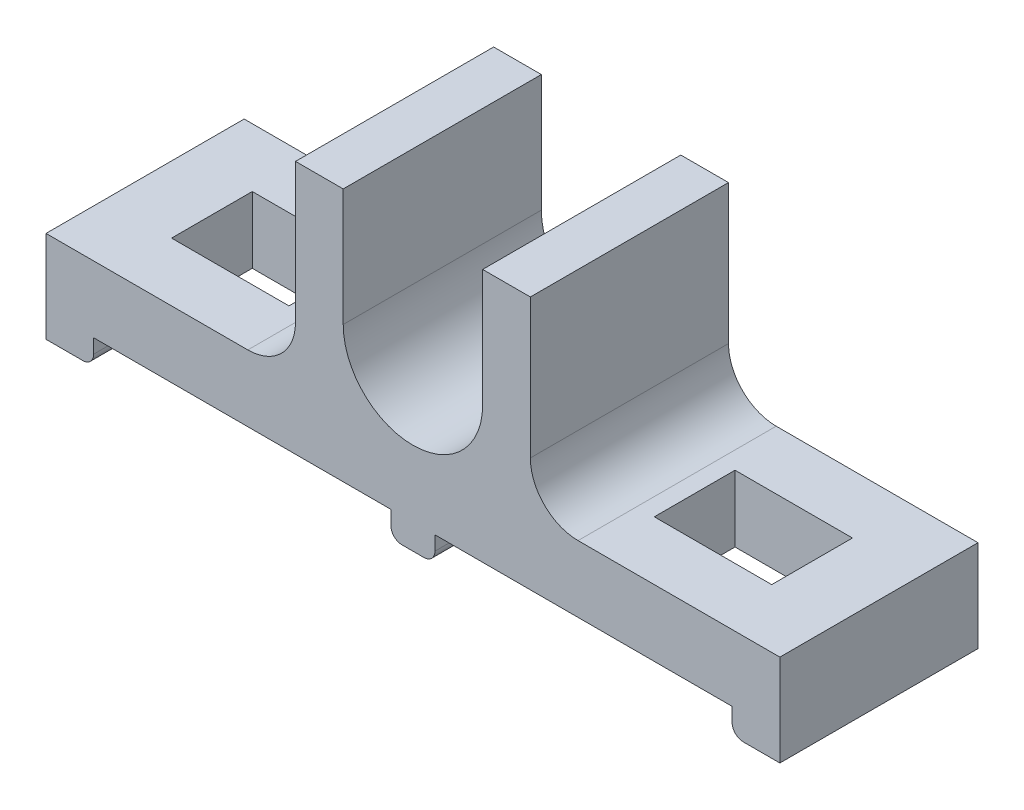
ISO-10303-21;
HEADER;
FILE_DESCRIPTION(('STEP AP214'),'2;1');
FILE_NAME('part.step','',(''),(''),'','','');
FILE_SCHEMA(('AUTOMOTIVE_DESIGN { 1 0 10303 214 1 1 1 1 }'));
ENDSEC;
DATA;
#1=APPLICATION_CONTEXT('core data for automotive mechanical design processes');
#2=APPLICATION_PROTOCOL_DEFINITION('international standard','automotive_design',2000,#1);
#3=PRODUCT_CONTEXT('',#1,'mechanical');
#4=PRODUCT('Part','Part','',(#3));
#5=PRODUCT_RELATED_PRODUCT_CATEGORY('part','',(#4));
#6=PRODUCT_DEFINITION_FORMATION('','',#4);
#7=PRODUCT_DEFINITION_CONTEXT('part definition',#1,'design');
#8=PRODUCT_DEFINITION('design','',#6,#7);
#9=PRODUCT_DEFINITION_SHAPE('','',#8);
#10=(LENGTH_UNIT() NAMED_UNIT(*) SI_UNIT(.MILLI.,.METRE.));
#11=(NAMED_UNIT(*) PLANE_ANGLE_UNIT() SI_UNIT($,.RADIAN.));
#12=(NAMED_UNIT(*) SI_UNIT($,.STERADIAN.) SOLID_ANGLE_UNIT());
#13=UNCERTAINTY_MEASURE_WITH_UNIT(LENGTH_MEASURE(1.E-05),#10,'distance_accuracy_value','');
#14=(GEOMETRIC_REPRESENTATION_CONTEXT(3) GLOBAL_UNCERTAINTY_ASSIGNED_CONTEXT((#13)) GLOBAL_UNIT_ASSIGNED_CONTEXT((#10,
#11,#12)) REPRESENTATION_CONTEXT('',''));
#15=CARTESIAN_POINT('',(0.,0.,0.));
#16=DIRECTION('',(0.,0.,1.));
#17=DIRECTION('',(1.,0.,0.));
#18=AXIS2_PLACEMENT_3D('',#15,#16,#17);
#19=CARTESIAN_POINT('',(187.,6.86757116341439,27.));
#20=DIRECTION('',(0.,1.,0.));
#21=DIRECTION('',(-1.,0.,0.));
#22=AXIS2_PLACEMENT_3D('',#19,#20,#21);
#23=PLANE('',#22);
#24=DIRECTION('',(1.,0.,0.));
#25=VECTOR('',#24,1.);
#26=CARTESIAN_POINT('',(187.,6.86757116341439,-27.));
#27=LINE('',#26,#25);
#28=CARTESIAN_POINT('',(106.,6.86757116341462,-27.));
#29=VERTEX_POINT('',#28);
#30=CARTESIAN_POINT('',(187.,6.86757116341439,-27.));
#31=VERTEX_POINT('',#30);
#32=EDGE_CURVE('E460',#29,#31,#27,.T.);
#33=ORIENTED_EDGE('',*,*,#32,.T.);
#34=DIRECTION('',(0.,0.,-1.));
#35=VECTOR('',#34,1.);
#36=CARTESIAN_POINT('',(187.,6.86757116341439,27.));
#37=LINE('',#36,#35);
#38=CARTESIAN_POINT('',(187.,6.86757116341439,27.));
#39=VERTEX_POINT('',#38);
#40=EDGE_CURVE('E566',#39,#31,#37,.T.);
#41=ORIENTED_EDGE('',*,*,#40,.F.);
#42=DIRECTION('',(1.,0.,0.));
#43=VECTOR('',#42,1.);
#44=CARTESIAN_POINT('',(187.,6.86757116341439,27.));
#45=LINE('',#44,#43);
#46=CARTESIAN_POINT('',(106.,6.86757116341462,27.));
#47=VERTEX_POINT('',#46);
#48=EDGE_CURVE('E381',#47,#39,#45,.T.);
#49=ORIENTED_EDGE('',*,*,#48,.F.);
#50=DIRECTION('',(0.,0.,-1.));
#51=VECTOR('',#50,1.);
#52=CARTESIAN_POINT('',(106.,6.86757116341462,27.));
#53=LINE('',#52,#51);
#54=EDGE_CURVE('E570',#47,#29,#53,.T.);
#55=ORIENTED_EDGE('',*,*,#54,.T.);
#56=EDGE_LOOP('',(#33,#41,#49,#55));
#57=FACE_BOUND('',#56,.T.);
#58=DIRECTION('',(0.,0.,1.));
#59=VECTOR('',#58,1.);
#60=CARTESIAN_POINT('',(181.781960671619,6.8675711634144,27.));
#61=LINE('',#60,#59);
#62=CARTESIAN_POINT('',(181.781960671619,6.86757116341445,-11.));
#63=VERTEX_POINT('',#62);
#64=CARTESIAN_POINT('',(181.781960671619,6.86757116341445,11.));
#65=VERTEX_POINT('',#64);
#66=EDGE_CURVE('E301',#63,#65,#61,.T.);
#67=ORIENTED_EDGE('',*,*,#66,.F.);
#68=DIRECTION('',(1.,0.,0.));
#69=VECTOR('',#68,1.);
#70=CARTESIAN_POINT('',(187.,6.86757116341439,-11.));
#71=LINE('',#70,#69);
#72=CARTESIAN_POINT('',(149.781960671618,6.8675711634145,-11.));
#73=VERTEX_POINT('',#72);
#74=EDGE_CURVE('E289',#73,#63,#71,.T.);
#75=ORIENTED_EDGE('',*,*,#74,.F.);
#76=DIRECTION('',(0.,0.,-1.));
#77=VECTOR('',#76,1.);
#78=CARTESIAN_POINT('',(149.781960671619,6.8675711634145,27.));
#79=LINE('',#78,#77);
#80=CARTESIAN_POINT('',(149.781960671619,6.86757116341449,11.));
#81=VERTEX_POINT('',#80);
#82=EDGE_CURVE('E264',#81,#73,#79,.T.);
#83=ORIENTED_EDGE('',*,*,#82,.F.);
#84=DIRECTION('',(-1.,0.,0.));
#85=VECTOR('',#84,1.);
#86=CARTESIAN_POINT('',(187.,6.86757116341439,11.));
#87=LINE('',#86,#85);
#88=EDGE_CURVE('E298',#65,#81,#87,.T.);
#89=ORIENTED_EDGE('',*,*,#88,.F.);
#90=EDGE_LOOP('',(#67,#75,#83,#89));
#91=FACE_BOUND('',#90,.T.);
#92=ADVANCED_FACE('F36',(#57,#91),#23,.F.);
#93=CARTESIAN_POINT('',(145.,24.9999999999999,27.));
#94=DIRECTION('',(0.,-1.,0.));
#95=DIRECTION('',(1.,0.,0.));
#96=AXIS2_PLACEMENT_3D('',#93,#94,#95);
#97=PLANE('',#96);
#98=DIRECTION('',(-1.,0.,0.));
#99=VECTOR('',#98,1.);
#100=CARTESIAN_POINT('',(145.,24.9999999999999,-27.));
#101=LINE('',#100,#99);
#102=CARTESIAN_POINT('',(200.,25.,-27.));
#103=VERTEX_POINT('',#102);
#104=CARTESIAN_POINT('',(145.,24.9999999999999,-27.));
#105=VERTEX_POINT('',#104);
#106=EDGE_CURVE('E475',#103,#105,#101,.T.);
#107=ORIENTED_EDGE('',*,*,#106,.T.);
#108=DIRECTION('',(0.,0.,-1.));
#109=VECTOR('',#108,1.);
#110=CARTESIAN_POINT('',(145.,24.9999999999999,27.));
#111=LINE('',#110,#109);
#112=CARTESIAN_POINT('',(145.,24.9999999999999,27.));
#113=VERTEX_POINT('',#112);
#114=EDGE_CURVE('E546',#113,#105,#111,.T.);
#115=ORIENTED_EDGE('',*,*,#114,.F.);
#116=DIRECTION('',(-1.,0.,0.));
#117=VECTOR('',#116,1.);
#118=CARTESIAN_POINT('',(145.,24.9999999999999,27.));
#119=LINE('',#118,#117);
#120=CARTESIAN_POINT('',(200.,25.,27.));
#121=VERTEX_POINT('',#120);
#122=EDGE_CURVE('E396',#121,#113,#119,.T.);
#123=ORIENTED_EDGE('',*,*,#122,.F.);
#124=DIRECTION('',(0.,0.,-1.));
#125=VECTOR('',#124,1.);
#126=CARTESIAN_POINT('',(200.,25.,27.));
#127=LINE('',#126,#125);
#128=EDGE_CURVE('E550',#121,#103,#127,.T.);
#129=ORIENTED_EDGE('',*,*,#128,.T.);
#130=EDGE_LOOP('',(#107,#115,#123,#129));
#131=FACE_BOUND('',#130,.T.);
#132=DIRECTION('',(0.,0.,1.));
#133=VECTOR('',#132,1.);
#134=CARTESIAN_POINT('',(181.781960671618,25.0000000000008,-11.));
#135=LINE('',#134,#133);
#136=CARTESIAN_POINT('',(181.781960671619,25.,-11.));
#137=VERTEX_POINT('',#136);
#138=CARTESIAN_POINT('',(181.781960671618,25.0000000000008,11.));
#139=VERTEX_POINT('',#138);
#140=EDGE_CURVE('E60',#137,#139,#135,.T.);
#141=ORIENTED_EDGE('',*,*,#140,.T.);
#142=DIRECTION('',(-1.,0.,0.));
#143=VECTOR('',#142,1.);
#144=CARTESIAN_POINT('',(181.781960671618,25.0000000000008,11.));
#145=LINE('',#144,#143);
#146=CARTESIAN_POINT('',(149.781960671618,25.0000000000005,11.));
#147=VERTEX_POINT('',#146);
#148=EDGE_CURVE('E278',#139,#147,#145,.T.);
#149=ORIENTED_EDGE('',*,*,#148,.T.);
#150=DIRECTION('',(0.,0.,-1.));
#151=VECTOR('',#150,1.);
#152=CARTESIAN_POINT('',(149.781960671618,25.0000000000005,-11.));
#153=LINE('',#152,#151);
#154=CARTESIAN_POINT('',(149.781960671618,25.0000000000005,-11.));
#155=VERTEX_POINT('',#154);
#156=EDGE_CURVE('E261',#147,#155,#153,.T.);
#157=ORIENTED_EDGE('',*,*,#156,.T.);
#158=DIRECTION('',(1.,0.,0.));
#159=VECTOR('',#158,1.);
#160=CARTESIAN_POINT('',(181.781960671618,25.0000000000008,-11.));
#161=LINE('',#160,#159);
#162=EDGE_CURVE('E271',#155,#137,#161,.T.);
#163=ORIENTED_EDGE('',*,*,#162,.T.);
#164=EDGE_LOOP('',(#141,#149,#157,#163));
#165=FACE_BOUND('',#164,.T.);
#166=ADVANCED_FACE('F276',(#131,#165),#97,.F.);
#167=CARTESIAN_POINT('',(0.,0.,27.));
#168=DIRECTION('',(1.,0.,0.));
#169=DIRECTION('',(0.,0.,-1.));
#170=AXIS2_PLACEMENT_3D('',#167,#168,#169);
#171=PLANE('',#170);
#172=DIRECTION('',(0.,-1.,0.));
#173=VECTOR('',#172,1.);
#174=CARTESIAN_POINT('',(0.,0.,-27.));
#175=LINE('',#174,#173);
#176=CARTESIAN_POINT('',(0.,25.,-27.));
#177=VERTEX_POINT('',#176);
#178=CARTESIAN_POINT('',(0.,0.,-27.));
#179=VERTEX_POINT('',#178);
#180=EDGE_CURVE('E348',#177,#179,#175,.T.);
#181=ORIENTED_EDGE('',*,*,#180,.T.);
#182=DIRECTION('',(0.,0.,-1.));
#183=VECTOR('',#182,1.);
#184=CARTESIAN_POINT('',(0.,0.,27.));
#185=LINE('',#184,#183);
#186=CARTESIAN_POINT('',(0.,0.,27.));
#187=VERTEX_POINT('',#186);
#188=EDGE_CURVE('E11',#187,#179,#185,.T.);
#189=ORIENTED_EDGE('',*,*,#188,.F.);
#190=DIRECTION('',(0.,-1.,0.));
#191=VECTOR('',#190,1.);
#192=CARTESIAN_POINT('',(0.,0.,27.));
#193=LINE('',#192,#191);
#194=CARTESIAN_POINT('',(0.,25.,27.));
#195=VERTEX_POINT('',#194);
#196=EDGE_CURVE('E349',#195,#187,#193,.T.);
#197=ORIENTED_EDGE('',*,*,#196,.F.);
#198=DIRECTION('',(0.,0.,-1.));
#199=VECTOR('',#198,1.);
#200=CARTESIAN_POINT('',(0.,25.,27.));
#201=LINE('',#200,#199);
#202=EDGE_CURVE('E429',#195,#177,#201,.T.);
#203=ORIENTED_EDGE('',*,*,#202,.T.);
#204=EDGE_LOOP('',(#181,#189,#197,#203));
#205=FACE_BOUND('',#204,.T.);
#206=ADVANCED_FACE('F38',(#205),#171,.F.);
#207=CARTESIAN_POINT('',(0.,0.,27.));
#208=DIRECTION('',(0.,1.,0.));
#209=DIRECTION('',(0.,0.,1.));
#210=AXIS2_PLACEMENT_3D('',#207,#208,#209);
#211=PLANE('',#210);
#212=DIRECTION('',(1.,0.,0.));
#213=VECTOR('',#212,1.);
#214=CARTESIAN_POINT('',(0.,0.,-27.));
#215=LINE('',#214,#213);
#216=CARTESIAN_POINT('',(10.,0.,-27.));
#217=VERTEX_POINT('',#216);
#218=EDGE_CURVE('E433',#179,#217,#215,.T.);
#219=ORIENTED_EDGE('',*,*,#218,.T.);
#220=DIRECTION('',(0.,0.,-1.));
#221=VECTOR('',#220,1.);
#222=CARTESIAN_POINT('',(10.,0.,27.));
#223=LINE('',#222,#221);
#224=CARTESIAN_POINT('',(10.,0.,27.));
#225=VERTEX_POINT('',#224);
#226=EDGE_CURVE('E45',#225,#217,#223,.T.);
#227=ORIENTED_EDGE('',*,*,#226,.F.);
#228=DIRECTION('',(1.,0.,0.));
#229=VECTOR('',#228,1.);
#230=CARTESIAN_POINT('',(0.,0.,27.));
#231=LINE('',#230,#229);
#232=EDGE_CURVE('E353',#187,#225,#231,.T.);
#233=ORIENTED_EDGE('',*,*,#232,.F.);
#234=ORIENTED_EDGE('',*,*,#188,.T.);
#235=EDGE_LOOP('',(#219,#227,#233,#234));
#236=FACE_BOUND('',#235,.T.);
#237=ADVANCED_FACE('F631',(#236),#211,.F.);
#238=CARTESIAN_POINT('',(10.,3.,27.));
#239=DIRECTION('',(0.,0.,-1.));
#240=DIRECTION('',(-1.,0.,0.));
#241=AXIS2_PLACEMENT_3D('',#238,#239,#240);
#242=CYLINDRICAL_SURFACE('',#241,3.);
#243=CARTESIAN_POINT('',(10.,3.,-27.));
#244=DIRECTION('',(0.,0.,1.));
#245=DIRECTION('',(-1.,0.,0.));
#246=AXIS2_PLACEMENT_3D('',#243,#244,#245);
#247=CIRCLE('',#246,3.);
#248=CARTESIAN_POINT('',(13.,3.,-27.));
#249=VERTEX_POINT('',#248);
#250=EDGE_CURVE('E436',#217,#249,#247,.T.);
#251=ORIENTED_EDGE('',*,*,#250,.T.);
#252=DIRECTION('',(0.,0.,-1.));
#253=VECTOR('',#252,1.);
#254=CARTESIAN_POINT('',(13.,3.,27.));
#255=LINE('',#254,#253);
#256=CARTESIAN_POINT('',(13.,3.,27.));
#257=VERTEX_POINT('',#256);
#258=EDGE_CURVE('E598',#257,#249,#255,.T.);
#259=ORIENTED_EDGE('',*,*,#258,.F.);
#260=CARTESIAN_POINT('',(10.,3.,27.));
#261=DIRECTION('',(0.,0.,1.));
#262=DIRECTION('',(-1.,0.,0.));
#263=AXIS2_PLACEMENT_3D('',#260,#261,#262);
#264=CIRCLE('',#263,3.);
#265=EDGE_CURVE('E357',#225,#257,#264,.T.);
#266=ORIENTED_EDGE('',*,*,#265,.F.);
#267=ORIENTED_EDGE('',*,*,#226,.T.);
#268=EDGE_LOOP('',(#251,#259,#266,#267));
#269=FACE_BOUND('',#268,.T.);
#270=ADVANCED_FACE('F608',(#269),#242,.T.);
#271=CARTESIAN_POINT('',(13.,3.,27.));
#272=DIRECTION('',(-1.,0.,0.));
#273=DIRECTION('',(0.,0.,1.));
#274=AXIS2_PLACEMENT_3D('',#271,#272,#273);
#275=PLANE('',#274);
#276=DIRECTION('',(0.,1.,0.));
#277=VECTOR('',#276,1.);
#278=CARTESIAN_POINT('',(13.,3.,-27.));
#279=LINE('',#278,#277);
#280=CARTESIAN_POINT('',(13.,6.86757116341463,-27.));
#281=VERTEX_POINT('',#280);
#282=EDGE_CURVE('E439',#249,#281,#279,.T.);
#283=ORIENTED_EDGE('',*,*,#282,.T.);
#284=DIRECTION('',(0.,0.,-1.));
#285=VECTOR('',#284,1.);
#286=CARTESIAN_POINT('',(13.,6.86757116341463,27.));
#287=LINE('',#286,#285);
#288=CARTESIAN_POINT('',(13.,6.86757116341463,27.));
#289=VERTEX_POINT('',#288);
#290=EDGE_CURVE('E594',#289,#281,#287,.T.);
#291=ORIENTED_EDGE('',*,*,#290,.F.);
#292=DIRECTION('',(0.,1.,0.));
#293=VECTOR('',#292,1.);
#294=CARTESIAN_POINT('',(13.,3.,27.));
#295=LINE('',#294,#293);
#296=EDGE_CURVE('E360',#257,#289,#295,.T.);
#297=ORIENTED_EDGE('',*,*,#296,.F.);
#298=ORIENTED_EDGE('',*,*,#258,.T.);
#299=EDGE_LOOP('',(#283,#291,#297,#298));
#300=FACE_BOUND('',#299,.T.);
#301=ADVANCED_FACE('F619',(#300),#275,.F.);
#302=CARTESIAN_POINT('',(13.,6.86757116341463,27.));
#303=DIRECTION('',(0.,1.,0.));
#304=DIRECTION('',(-1.,0.,0.));
#305=AXIS2_PLACEMENT_3D('',#302,#303,#304);
#306=PLANE('',#305);
#307=DIRECTION('',(-1.,0.,0.));
#308=VECTOR('',#307,1.);
#309=CARTESIAN_POINT('',(13.,6.86757116341463,-11.));
#310=LINE('',#309,#308);
#311=CARTESIAN_POINT('',(50.2180393283821,6.86757116341463,-11.));
#312=VERTEX_POINT('',#311);
#313=CARTESIAN_POINT('',(18.2180393283821,6.86757116341463,-11.));
#314=VERTEX_POINT('',#313);
#315=EDGE_CURVE('E340',#312,#314,#310,.T.);
#316=ORIENTED_EDGE('',*,*,#315,.T.);
#317=DIRECTION('',(0.,0.,1.));
#318=VECTOR('',#317,1.);
#319=CARTESIAN_POINT('',(18.2180393283821,6.86757116341463,27.));
#320=LINE('',#319,#318);
#321=CARTESIAN_POINT('',(18.2180393283821,6.86757116341463,11.));
#322=VERTEX_POINT('',#321);
#323=EDGE_CURVE('E344',#314,#322,#320,.T.);
#324=ORIENTED_EDGE('',*,*,#323,.T.);
#325=DIRECTION('',(1.,0.,0.));
#326=VECTOR('',#325,1.);
#327=CARTESIAN_POINT('',(13.,6.86757116341463,11.));
#328=LINE('',#327,#326);
#329=CARTESIAN_POINT('',(50.2180393283821,6.86757116341463,11.));
#330=VERTEX_POINT('',#329);
#331=EDGE_CURVE('E323',#322,#330,#328,.T.);
#332=ORIENTED_EDGE('',*,*,#331,.T.);
#333=DIRECTION('',(0.,0.,-1.));
#334=VECTOR('',#333,1.);
#335=CARTESIAN_POINT('',(50.2180393283821,6.86757116341463,27.));
#336=LINE('',#335,#334);
#337=EDGE_CURVE('E336',#330,#312,#336,.T.);
#338=ORIENTED_EDGE('',*,*,#337,.T.);
#339=EDGE_LOOP('',(#316,#324,#332,#338));
#340=FACE_BOUND('',#339,.T.);
#341=DIRECTION('',(1.,0.,0.));
#342=VECTOR('',#341,1.);
#343=CARTESIAN_POINT('',(13.,6.86757116341463,-27.));
#344=LINE('',#343,#342);
#345=CARTESIAN_POINT('',(94.,6.86757116341463,-27.));
#346=VERTEX_POINT('',#345);
#347=EDGE_CURVE('E442',#281,#346,#344,.T.);
#348=ORIENTED_EDGE('',*,*,#347,.T.);
#349=DIRECTION('',(0.,0.,-1.));
#350=VECTOR('',#349,1.);
#351=CARTESIAN_POINT('',(94.,6.86757116341463,27.));
#352=LINE('',#351,#350);
#353=CARTESIAN_POINT('',(94.,6.86757116341463,27.));
#354=VERTEX_POINT('',#353);
#355=EDGE_CURVE('E590',#354,#346,#352,.T.);
#356=ORIENTED_EDGE('',*,*,#355,.F.);
#357=DIRECTION('',(1.,0.,0.));
#358=VECTOR('',#357,1.);
#359=CARTESIAN_POINT('',(13.,6.86757116341463,27.));
#360=LINE('',#359,#358);
#361=EDGE_CURVE('E363',#289,#354,#360,.T.);
#362=ORIENTED_EDGE('',*,*,#361,.F.);
#363=ORIENTED_EDGE('',*,*,#290,.T.);
#364=EDGE_LOOP('',(#348,#356,#362,#363));
#365=FACE_BOUND('',#364,.T.);
#366=ADVANCED_FACE('F623',(#340,#365),#306,.F.);
#367=CARTESIAN_POINT('',(94.,3.,27.));
#368=DIRECTION('',(1.,0.,0.));
#369=DIRECTION('',(0.,0.,-1.));
#370=AXIS2_PLACEMENT_3D('',#367,#368,#369);
#371=PLANE('',#370);
#372=DIRECTION('',(0.,-1.,0.));
#373=VECTOR('',#372,1.);
#374=CARTESIAN_POINT('',(94.,3.,-27.));
#375=LINE('',#374,#373);
#376=CARTESIAN_POINT('',(94.,3.,-27.));
#377=VERTEX_POINT('',#376);
#378=EDGE_CURVE('E445',#346,#377,#375,.T.);
#379=ORIENTED_EDGE('',*,*,#378,.T.);
#380=DIRECTION('',(0.,0.,-1.));
#381=VECTOR('',#380,1.);
#382=CARTESIAN_POINT('',(94.,3.,27.));
#383=LINE('',#382,#381);
#384=CARTESIAN_POINT('',(94.,3.,27.));
#385=VERTEX_POINT('',#384);
#386=EDGE_CURVE('E586',#385,#377,#383,.T.);
#387=ORIENTED_EDGE('',*,*,#386,.F.);
#388=DIRECTION('',(0.,-1.,0.));
#389=VECTOR('',#388,1.);
#390=CARTESIAN_POINT('',(94.,3.,27.));
#391=LINE('',#390,#389);
#392=EDGE_CURVE('E366',#354,#385,#391,.T.);
#393=ORIENTED_EDGE('',*,*,#392,.F.);
#394=ORIENTED_EDGE('',*,*,#355,.T.);
#395=EDGE_LOOP('',(#379,#387,#393,#394));
#396=FACE_BOUND('',#395,.T.);
#397=ADVANCED_FACE('F733',(#396),#371,.F.);
#398=CARTESIAN_POINT('',(97.,3.,27.));
#399=DIRECTION('',(0.,0.,-1.));
#400=DIRECTION('',(-1.,0.,0.));
#401=AXIS2_PLACEMENT_3D('',#398,#399,#400);
#402=CYLINDRICAL_SURFACE('',#401,3.00000000000001);
#403=CARTESIAN_POINT('',(97.,3.,-27.));
#404=DIRECTION('',(0.,0.,1.));
#405=DIRECTION('',(1.,0.,0.));
#406=AXIS2_PLACEMENT_3D('',#403,#404,#405);
#407=CIRCLE('',#406,3.00000000000001);
#408=CARTESIAN_POINT('',(97.,0.,-27.));
#409=VERTEX_POINT('',#408);
#410=EDGE_CURVE('E448',#377,#409,#407,.T.);
#411=ORIENTED_EDGE('',*,*,#410,.T.);
#412=DIRECTION('',(0.,0.,-1.));
#413=VECTOR('',#412,1.);
#414=CARTESIAN_POINT('',(97.,0.,27.));
#415=LINE('',#414,#413);
#416=CARTESIAN_POINT('',(97.,0.,27.));
#417=VERTEX_POINT('',#416);
#418=EDGE_CURVE('E582',#417,#409,#415,.T.);
#419=ORIENTED_EDGE('',*,*,#418,.F.);
#420=CARTESIAN_POINT('',(97.,3.,27.));
#421=DIRECTION('',(0.,0.,1.));
#422=DIRECTION('',(1.,0.,0.));
#423=AXIS2_PLACEMENT_3D('',#420,#421,#422);
#424=CIRCLE('',#423,3.00000000000001);
#425=EDGE_CURVE('E369',#385,#417,#424,.T.);
#426=ORIENTED_EDGE('',*,*,#425,.F.);
#427=ORIENTED_EDGE('',*,*,#386,.T.);
#428=EDGE_LOOP('',(#411,#419,#426,#427));
#429=FACE_BOUND('',#428,.T.);
#430=ADVANCED_FACE('F731',(#429),#402,.T.);
#431=CARTESIAN_POINT('',(97.,0.,27.));
#432=DIRECTION('',(0.,1.,0.));
#433=DIRECTION('',(-1.,0.,0.));
#434=AXIS2_PLACEMENT_3D('',#431,#432,#433);
#435=PLANE('',#434);
#436=DIRECTION('',(1.,0.,0.));
#437=VECTOR('',#436,1.);
#438=CARTESIAN_POINT('',(97.,0.,-27.));
#439=LINE('',#438,#437);
#440=CARTESIAN_POINT('',(103.,0.,-27.));
#441=VERTEX_POINT('',#440);
#442=EDGE_CURVE('E451',#409,#441,#439,.T.);
#443=ORIENTED_EDGE('',*,*,#442,.T.);
#444=DIRECTION('',(0.,0.,-1.));
#445=VECTOR('',#444,1.);
#446=CARTESIAN_POINT('',(103.,0.,27.));
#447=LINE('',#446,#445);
---*---
[YOUR ASSIGNMENT]: Once you reach the line with "#352=LINE('',#351,#350);" in the data above, copy it and every line after it exactly, up to and including the line with "#363=ORIENTED_EDGE('',*,*,#290,.T.);".

[RESULT]:
#352=LINE('',#351,#350);
#353=CARTESIAN_POINT('',(94.,6.86757116341463,27.));
#354=VERTEX_POINT('',#353);
#355=EDGE_CURVE('E590',#354,#346,#352,.T.);
#356=ORIENTED_EDGE('',*,*,#355,.F.);
#357=DIRECTION('',(1.,0.,0.));
#358=VECTOR('',#357,1.);
#359=CARTESIAN_POINT('',(13.,6.86757116341463,27.));
#360=LINE('',#359,#358);
#361=EDGE_CURVE('E363',#289,#354,#360,.T.);
#362=ORIENTED_EDGE('',*,*,#361,.F.);
#363=ORIENTED_EDGE('',*,*,#290,.T.);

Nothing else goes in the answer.